According to Mr. Oliver, says Mr. Barge, it is the practice nationwide of bankruptcy fee examiners not to question the fees for creating invoices if the fee was less than 3% of the total bill for the month, which means these fees go totally unexamined.

"In a large case like this, where Akin Gump’s total fee is around $40 million, that means that $1.2 million goes totally unexamined by fee examiners. This leaves this billing area ripe for fraud."

Additionally, there is no accounting textbook that states that the cost of creating a bill is typically 3% of the total cost of the project. "That’s absurd," says Mr. Barge.

Tens of millions of dollars that should be going to pay off bankruptcy debts nationwide are going to pay for law firm accounting departments, which have turned themselves into "profit centers," according to the legal filing.

The case, In re: FirstEnergy Solutions Corp. et. Al., No 18-50757, is being presided over by Hon. Judge Alan M. Koschik of the United States Bankruptcy Court, Northern District of Ohio, Eastern Division. Mr. Barge is suggesting the practice be examined by the American Bar Association Committee on Bankruptcy Ethics, headed by attorney Rob Charles.
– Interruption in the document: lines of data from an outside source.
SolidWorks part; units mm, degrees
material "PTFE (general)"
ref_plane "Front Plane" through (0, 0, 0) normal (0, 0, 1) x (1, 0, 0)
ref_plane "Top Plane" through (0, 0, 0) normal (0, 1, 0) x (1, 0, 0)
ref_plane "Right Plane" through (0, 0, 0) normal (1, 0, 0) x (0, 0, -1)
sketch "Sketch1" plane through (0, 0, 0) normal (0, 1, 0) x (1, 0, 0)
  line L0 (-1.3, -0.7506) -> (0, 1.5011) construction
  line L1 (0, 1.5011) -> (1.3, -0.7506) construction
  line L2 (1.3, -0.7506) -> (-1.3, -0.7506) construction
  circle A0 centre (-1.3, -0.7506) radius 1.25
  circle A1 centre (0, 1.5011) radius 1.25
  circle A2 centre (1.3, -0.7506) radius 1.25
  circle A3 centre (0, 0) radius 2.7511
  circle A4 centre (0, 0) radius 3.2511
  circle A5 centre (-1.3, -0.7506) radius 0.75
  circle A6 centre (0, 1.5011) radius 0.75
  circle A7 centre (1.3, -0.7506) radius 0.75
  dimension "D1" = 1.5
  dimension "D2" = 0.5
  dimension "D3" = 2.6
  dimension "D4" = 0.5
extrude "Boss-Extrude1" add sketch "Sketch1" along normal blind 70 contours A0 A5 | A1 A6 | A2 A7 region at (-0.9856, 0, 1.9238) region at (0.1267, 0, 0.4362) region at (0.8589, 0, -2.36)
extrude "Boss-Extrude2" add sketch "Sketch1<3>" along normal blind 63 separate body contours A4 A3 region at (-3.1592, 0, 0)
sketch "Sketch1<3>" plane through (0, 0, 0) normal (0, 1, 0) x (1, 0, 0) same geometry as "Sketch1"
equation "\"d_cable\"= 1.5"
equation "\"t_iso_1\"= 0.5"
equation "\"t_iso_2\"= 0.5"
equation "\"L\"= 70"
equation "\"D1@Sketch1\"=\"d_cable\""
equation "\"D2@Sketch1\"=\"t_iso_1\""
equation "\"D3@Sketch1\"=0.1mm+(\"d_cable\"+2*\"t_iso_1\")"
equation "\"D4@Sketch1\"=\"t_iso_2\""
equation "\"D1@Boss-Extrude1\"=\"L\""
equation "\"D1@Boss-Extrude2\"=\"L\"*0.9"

It’s unclear how far Mr. Barge’s objection will progress. When Mr. Barge made the objection to U.S. Trustee Tiiara Patton, who is supervising the bankruptcy expenses, she did not reply on three occasions over the past year, even though the 2013 Guidelines specifically state that this is her role.

Judge Koschik has thus far made no ruling in regard to the objection.

Since Mr. Barge's original objection, the U.S. Attorney in Columbus has filed racketeering charges against a company, designated "Company A," that funneled $60 million in bribes to the Speaker of the House of the Ohio Assembly to ensure the passage of a $1.5 billion consumer-funded bailout of Ohio’s nuclear power industry. "Company A" is believed to be FirstEnergy or FirstEnergy Solutions, Akin Gump's client.

At least one Akin Gump senior advisor, Geoffrey Verhoff, was in constant contact with one of the defendants named in that racketeering case, Juan Cespedes, according to Akin Gump invoices filed for April of 2018 in the bankruptcy case. In addition to his lobbying work for Akin Gump, Mr. Verhoff is also vice chair of the finance committee of the Republican National Committee.

Additionally, Akin Gump seems to have billed the bankruptcy court for all of its lobbying expenses on behalf of FirstEnergy Solutions, which may not be the appropriate entity to pay such non-bankruptcy related bills.